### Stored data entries
== Segment start ==

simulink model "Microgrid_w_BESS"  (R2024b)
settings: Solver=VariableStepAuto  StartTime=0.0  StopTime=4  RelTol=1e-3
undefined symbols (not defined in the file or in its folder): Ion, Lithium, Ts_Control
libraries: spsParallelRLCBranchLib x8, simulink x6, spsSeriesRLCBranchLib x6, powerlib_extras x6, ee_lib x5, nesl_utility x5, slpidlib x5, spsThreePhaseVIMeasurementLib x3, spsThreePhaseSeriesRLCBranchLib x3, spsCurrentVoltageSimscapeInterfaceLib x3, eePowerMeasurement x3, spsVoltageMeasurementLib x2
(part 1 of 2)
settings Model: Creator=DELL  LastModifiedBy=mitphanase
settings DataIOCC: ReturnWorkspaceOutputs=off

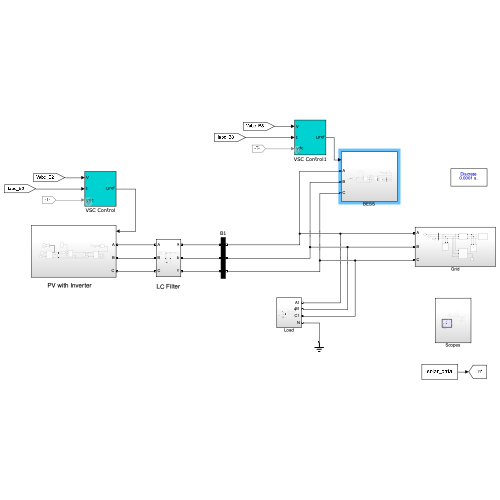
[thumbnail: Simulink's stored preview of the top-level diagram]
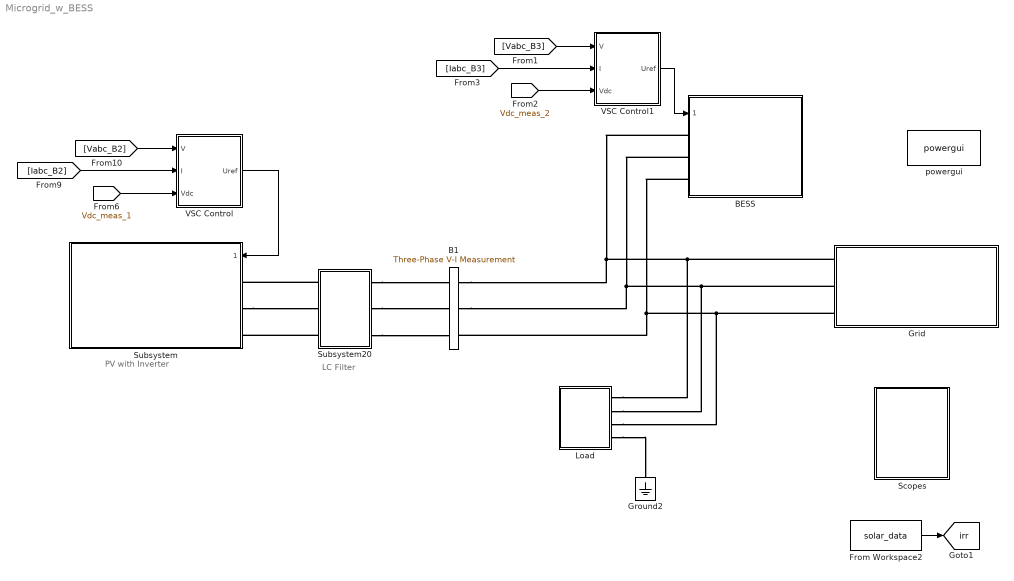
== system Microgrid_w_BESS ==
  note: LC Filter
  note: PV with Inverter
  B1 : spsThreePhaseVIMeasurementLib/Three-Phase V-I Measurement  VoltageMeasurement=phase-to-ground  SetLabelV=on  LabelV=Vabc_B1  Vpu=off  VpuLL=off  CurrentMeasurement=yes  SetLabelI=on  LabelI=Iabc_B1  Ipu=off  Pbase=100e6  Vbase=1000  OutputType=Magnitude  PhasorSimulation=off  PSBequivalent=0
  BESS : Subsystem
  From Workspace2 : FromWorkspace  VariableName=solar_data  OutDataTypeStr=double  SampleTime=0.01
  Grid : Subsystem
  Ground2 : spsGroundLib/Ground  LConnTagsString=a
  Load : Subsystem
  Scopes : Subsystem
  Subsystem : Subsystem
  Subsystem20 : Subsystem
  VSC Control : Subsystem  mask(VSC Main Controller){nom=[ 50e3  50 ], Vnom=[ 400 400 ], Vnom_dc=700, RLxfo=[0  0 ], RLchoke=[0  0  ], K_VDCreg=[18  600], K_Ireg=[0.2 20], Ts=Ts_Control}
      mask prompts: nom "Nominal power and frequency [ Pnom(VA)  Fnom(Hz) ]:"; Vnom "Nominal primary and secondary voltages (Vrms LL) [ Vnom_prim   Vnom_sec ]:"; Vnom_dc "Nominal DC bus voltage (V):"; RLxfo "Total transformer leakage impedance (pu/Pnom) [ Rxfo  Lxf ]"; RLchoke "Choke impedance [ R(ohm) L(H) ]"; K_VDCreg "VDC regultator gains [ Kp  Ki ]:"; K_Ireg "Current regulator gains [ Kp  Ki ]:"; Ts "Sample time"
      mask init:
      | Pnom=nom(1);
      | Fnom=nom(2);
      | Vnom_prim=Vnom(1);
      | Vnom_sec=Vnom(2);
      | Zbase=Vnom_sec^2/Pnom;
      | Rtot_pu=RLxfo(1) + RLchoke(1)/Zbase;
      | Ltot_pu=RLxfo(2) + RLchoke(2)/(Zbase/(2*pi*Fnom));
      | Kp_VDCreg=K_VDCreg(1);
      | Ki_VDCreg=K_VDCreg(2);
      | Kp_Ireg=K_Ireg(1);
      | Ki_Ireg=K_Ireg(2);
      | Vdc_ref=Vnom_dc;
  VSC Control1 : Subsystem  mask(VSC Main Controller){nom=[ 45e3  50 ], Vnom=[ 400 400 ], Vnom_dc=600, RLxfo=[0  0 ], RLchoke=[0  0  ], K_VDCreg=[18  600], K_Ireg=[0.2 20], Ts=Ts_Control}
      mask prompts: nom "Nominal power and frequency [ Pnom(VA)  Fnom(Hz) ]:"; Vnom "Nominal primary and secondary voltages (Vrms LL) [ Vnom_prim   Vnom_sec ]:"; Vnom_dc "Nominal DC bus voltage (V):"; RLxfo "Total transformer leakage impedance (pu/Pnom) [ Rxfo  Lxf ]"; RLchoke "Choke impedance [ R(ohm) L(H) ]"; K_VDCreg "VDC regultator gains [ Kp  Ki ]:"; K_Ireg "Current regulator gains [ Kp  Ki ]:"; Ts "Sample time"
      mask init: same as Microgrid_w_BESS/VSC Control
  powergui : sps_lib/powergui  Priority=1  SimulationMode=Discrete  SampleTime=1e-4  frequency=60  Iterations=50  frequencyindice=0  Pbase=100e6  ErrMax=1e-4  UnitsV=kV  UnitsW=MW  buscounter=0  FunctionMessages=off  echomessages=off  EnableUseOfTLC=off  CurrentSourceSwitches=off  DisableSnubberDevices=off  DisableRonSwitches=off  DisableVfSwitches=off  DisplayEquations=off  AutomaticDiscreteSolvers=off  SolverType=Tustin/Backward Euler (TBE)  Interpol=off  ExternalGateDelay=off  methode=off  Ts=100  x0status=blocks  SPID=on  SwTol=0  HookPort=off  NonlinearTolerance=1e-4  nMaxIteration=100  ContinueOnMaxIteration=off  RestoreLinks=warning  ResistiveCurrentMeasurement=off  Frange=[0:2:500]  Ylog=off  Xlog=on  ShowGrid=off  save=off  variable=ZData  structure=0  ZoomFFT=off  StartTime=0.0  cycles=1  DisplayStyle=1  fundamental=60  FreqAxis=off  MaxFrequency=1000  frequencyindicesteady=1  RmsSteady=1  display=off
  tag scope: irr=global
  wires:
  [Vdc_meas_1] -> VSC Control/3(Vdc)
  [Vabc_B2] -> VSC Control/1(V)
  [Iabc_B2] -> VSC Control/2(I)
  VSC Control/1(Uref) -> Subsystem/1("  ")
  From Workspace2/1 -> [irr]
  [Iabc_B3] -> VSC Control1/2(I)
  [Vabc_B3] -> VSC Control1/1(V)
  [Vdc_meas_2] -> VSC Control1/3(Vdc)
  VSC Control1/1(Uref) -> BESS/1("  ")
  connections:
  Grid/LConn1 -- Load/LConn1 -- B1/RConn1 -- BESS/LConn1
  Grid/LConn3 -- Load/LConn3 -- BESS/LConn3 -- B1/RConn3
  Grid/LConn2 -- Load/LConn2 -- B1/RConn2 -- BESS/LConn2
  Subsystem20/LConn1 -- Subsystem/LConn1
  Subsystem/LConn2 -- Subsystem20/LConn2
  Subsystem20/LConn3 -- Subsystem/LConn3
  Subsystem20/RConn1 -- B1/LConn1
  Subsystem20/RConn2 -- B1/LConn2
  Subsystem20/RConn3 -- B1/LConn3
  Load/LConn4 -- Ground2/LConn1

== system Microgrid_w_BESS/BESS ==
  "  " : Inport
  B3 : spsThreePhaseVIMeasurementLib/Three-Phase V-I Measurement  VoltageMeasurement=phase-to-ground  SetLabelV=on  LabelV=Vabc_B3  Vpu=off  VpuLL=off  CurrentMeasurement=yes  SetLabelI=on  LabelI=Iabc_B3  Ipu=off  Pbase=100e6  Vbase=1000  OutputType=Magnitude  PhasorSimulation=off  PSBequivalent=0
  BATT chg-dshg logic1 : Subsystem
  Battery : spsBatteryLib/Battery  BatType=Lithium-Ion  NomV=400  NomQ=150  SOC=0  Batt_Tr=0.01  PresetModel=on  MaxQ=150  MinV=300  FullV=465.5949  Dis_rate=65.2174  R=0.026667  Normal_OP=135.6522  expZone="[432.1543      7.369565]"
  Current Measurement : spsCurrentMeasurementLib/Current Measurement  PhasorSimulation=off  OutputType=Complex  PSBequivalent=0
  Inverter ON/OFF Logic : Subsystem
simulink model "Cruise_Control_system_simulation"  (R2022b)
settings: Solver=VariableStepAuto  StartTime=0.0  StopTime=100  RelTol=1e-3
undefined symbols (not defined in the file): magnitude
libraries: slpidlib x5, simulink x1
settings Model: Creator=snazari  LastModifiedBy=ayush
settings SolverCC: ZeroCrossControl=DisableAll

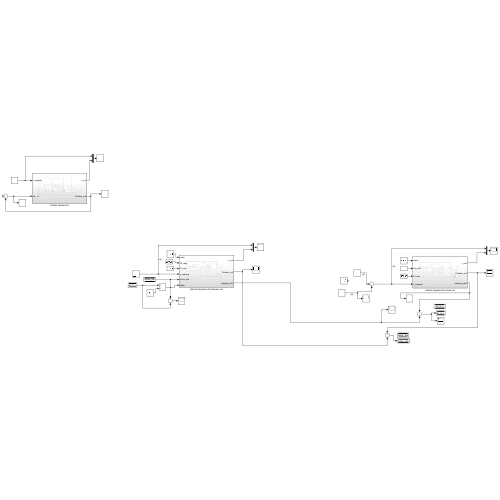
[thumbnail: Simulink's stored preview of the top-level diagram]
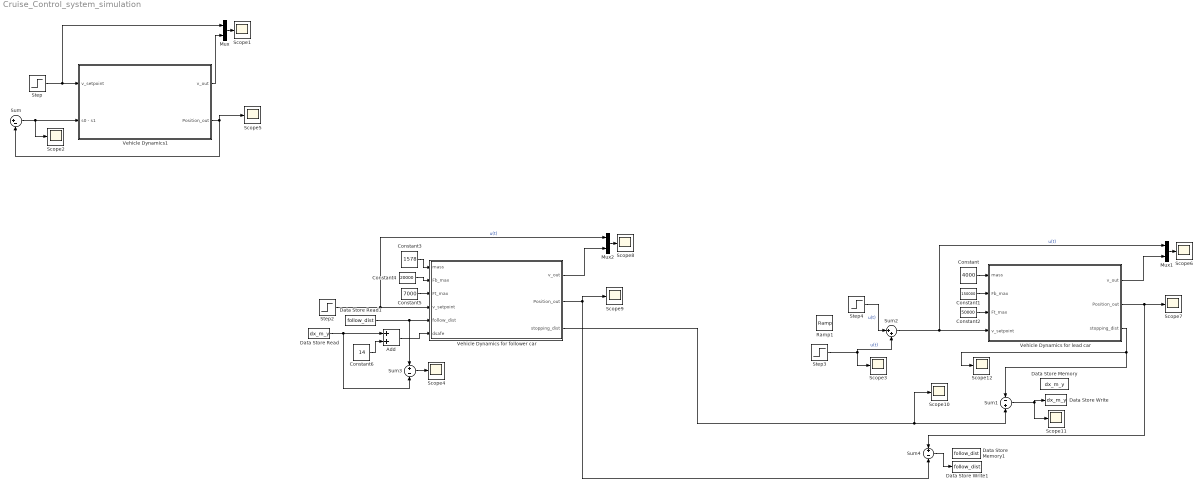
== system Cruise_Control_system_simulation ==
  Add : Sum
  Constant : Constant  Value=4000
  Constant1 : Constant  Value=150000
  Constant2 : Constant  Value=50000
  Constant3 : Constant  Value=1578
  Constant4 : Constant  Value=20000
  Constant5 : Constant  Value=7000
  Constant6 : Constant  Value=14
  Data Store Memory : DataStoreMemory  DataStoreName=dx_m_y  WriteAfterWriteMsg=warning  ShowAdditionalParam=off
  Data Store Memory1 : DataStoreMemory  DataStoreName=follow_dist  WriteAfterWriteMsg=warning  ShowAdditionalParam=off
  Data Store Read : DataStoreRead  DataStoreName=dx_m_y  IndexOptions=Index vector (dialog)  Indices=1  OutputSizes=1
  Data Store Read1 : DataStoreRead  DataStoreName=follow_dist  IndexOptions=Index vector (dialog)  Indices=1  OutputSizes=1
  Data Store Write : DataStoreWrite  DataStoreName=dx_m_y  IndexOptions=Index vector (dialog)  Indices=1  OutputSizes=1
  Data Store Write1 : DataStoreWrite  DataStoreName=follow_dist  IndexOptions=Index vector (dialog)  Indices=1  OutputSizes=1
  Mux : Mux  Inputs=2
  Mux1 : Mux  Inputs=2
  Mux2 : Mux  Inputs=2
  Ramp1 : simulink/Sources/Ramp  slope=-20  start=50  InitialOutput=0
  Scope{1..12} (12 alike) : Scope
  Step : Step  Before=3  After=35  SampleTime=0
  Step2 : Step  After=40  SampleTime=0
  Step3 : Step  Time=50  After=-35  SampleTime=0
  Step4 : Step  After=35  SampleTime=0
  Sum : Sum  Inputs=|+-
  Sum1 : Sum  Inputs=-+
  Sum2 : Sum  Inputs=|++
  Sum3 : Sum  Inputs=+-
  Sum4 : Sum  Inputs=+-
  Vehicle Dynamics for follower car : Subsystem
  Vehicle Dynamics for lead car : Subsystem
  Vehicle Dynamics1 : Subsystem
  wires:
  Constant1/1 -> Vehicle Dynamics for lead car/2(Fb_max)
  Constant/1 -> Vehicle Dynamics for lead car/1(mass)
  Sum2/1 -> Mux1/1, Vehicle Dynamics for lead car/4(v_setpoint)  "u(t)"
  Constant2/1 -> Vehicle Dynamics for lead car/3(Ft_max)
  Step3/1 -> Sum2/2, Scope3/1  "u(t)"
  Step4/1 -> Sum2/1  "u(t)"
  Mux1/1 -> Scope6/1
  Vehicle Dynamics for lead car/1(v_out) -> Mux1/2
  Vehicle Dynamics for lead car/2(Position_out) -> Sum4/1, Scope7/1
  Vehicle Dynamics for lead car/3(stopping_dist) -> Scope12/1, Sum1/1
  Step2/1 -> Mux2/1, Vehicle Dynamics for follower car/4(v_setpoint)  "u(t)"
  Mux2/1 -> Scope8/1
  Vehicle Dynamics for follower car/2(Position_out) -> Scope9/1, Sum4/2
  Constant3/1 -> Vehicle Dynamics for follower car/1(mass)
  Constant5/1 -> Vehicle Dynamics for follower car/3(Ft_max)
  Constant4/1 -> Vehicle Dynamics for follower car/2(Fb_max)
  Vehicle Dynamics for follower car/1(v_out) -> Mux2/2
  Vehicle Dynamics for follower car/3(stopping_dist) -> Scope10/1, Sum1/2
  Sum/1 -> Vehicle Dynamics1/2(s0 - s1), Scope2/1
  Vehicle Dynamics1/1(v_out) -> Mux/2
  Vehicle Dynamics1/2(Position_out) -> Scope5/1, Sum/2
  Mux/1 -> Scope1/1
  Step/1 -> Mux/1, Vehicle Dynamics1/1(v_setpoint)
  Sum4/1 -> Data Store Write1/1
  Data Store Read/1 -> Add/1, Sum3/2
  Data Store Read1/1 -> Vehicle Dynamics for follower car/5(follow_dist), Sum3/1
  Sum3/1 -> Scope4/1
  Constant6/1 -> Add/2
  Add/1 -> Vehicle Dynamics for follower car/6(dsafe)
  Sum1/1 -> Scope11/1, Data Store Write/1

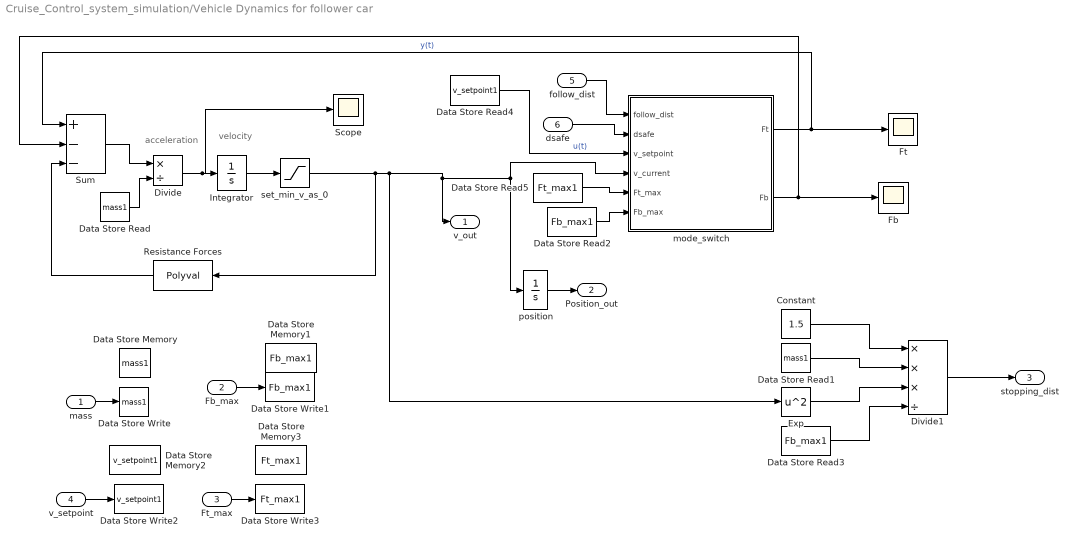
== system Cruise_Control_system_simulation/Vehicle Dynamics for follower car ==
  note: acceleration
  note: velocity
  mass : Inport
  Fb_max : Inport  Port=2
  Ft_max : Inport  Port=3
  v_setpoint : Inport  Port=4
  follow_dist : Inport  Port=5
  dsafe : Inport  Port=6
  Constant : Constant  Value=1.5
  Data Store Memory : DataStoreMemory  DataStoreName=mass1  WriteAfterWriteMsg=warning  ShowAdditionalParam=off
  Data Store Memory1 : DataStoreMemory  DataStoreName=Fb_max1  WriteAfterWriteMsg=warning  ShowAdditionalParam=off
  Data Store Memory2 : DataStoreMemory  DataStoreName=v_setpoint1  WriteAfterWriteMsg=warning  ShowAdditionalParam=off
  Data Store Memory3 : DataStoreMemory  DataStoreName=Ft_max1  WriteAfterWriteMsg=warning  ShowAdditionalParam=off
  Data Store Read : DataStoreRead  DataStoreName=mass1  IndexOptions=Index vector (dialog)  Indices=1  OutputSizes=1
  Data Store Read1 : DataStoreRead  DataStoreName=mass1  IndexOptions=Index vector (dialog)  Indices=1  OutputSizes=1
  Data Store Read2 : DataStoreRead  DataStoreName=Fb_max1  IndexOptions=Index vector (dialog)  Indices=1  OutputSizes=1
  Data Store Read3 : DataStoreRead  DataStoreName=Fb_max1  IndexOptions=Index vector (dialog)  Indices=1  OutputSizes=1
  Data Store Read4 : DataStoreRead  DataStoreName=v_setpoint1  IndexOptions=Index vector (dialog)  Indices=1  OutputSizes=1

== Segment end ==

### EXERCISE REQUIREMENTS
Once every line above has been checked for the string "libraries", give the number of matching lines and nothing more.

### REPLY
2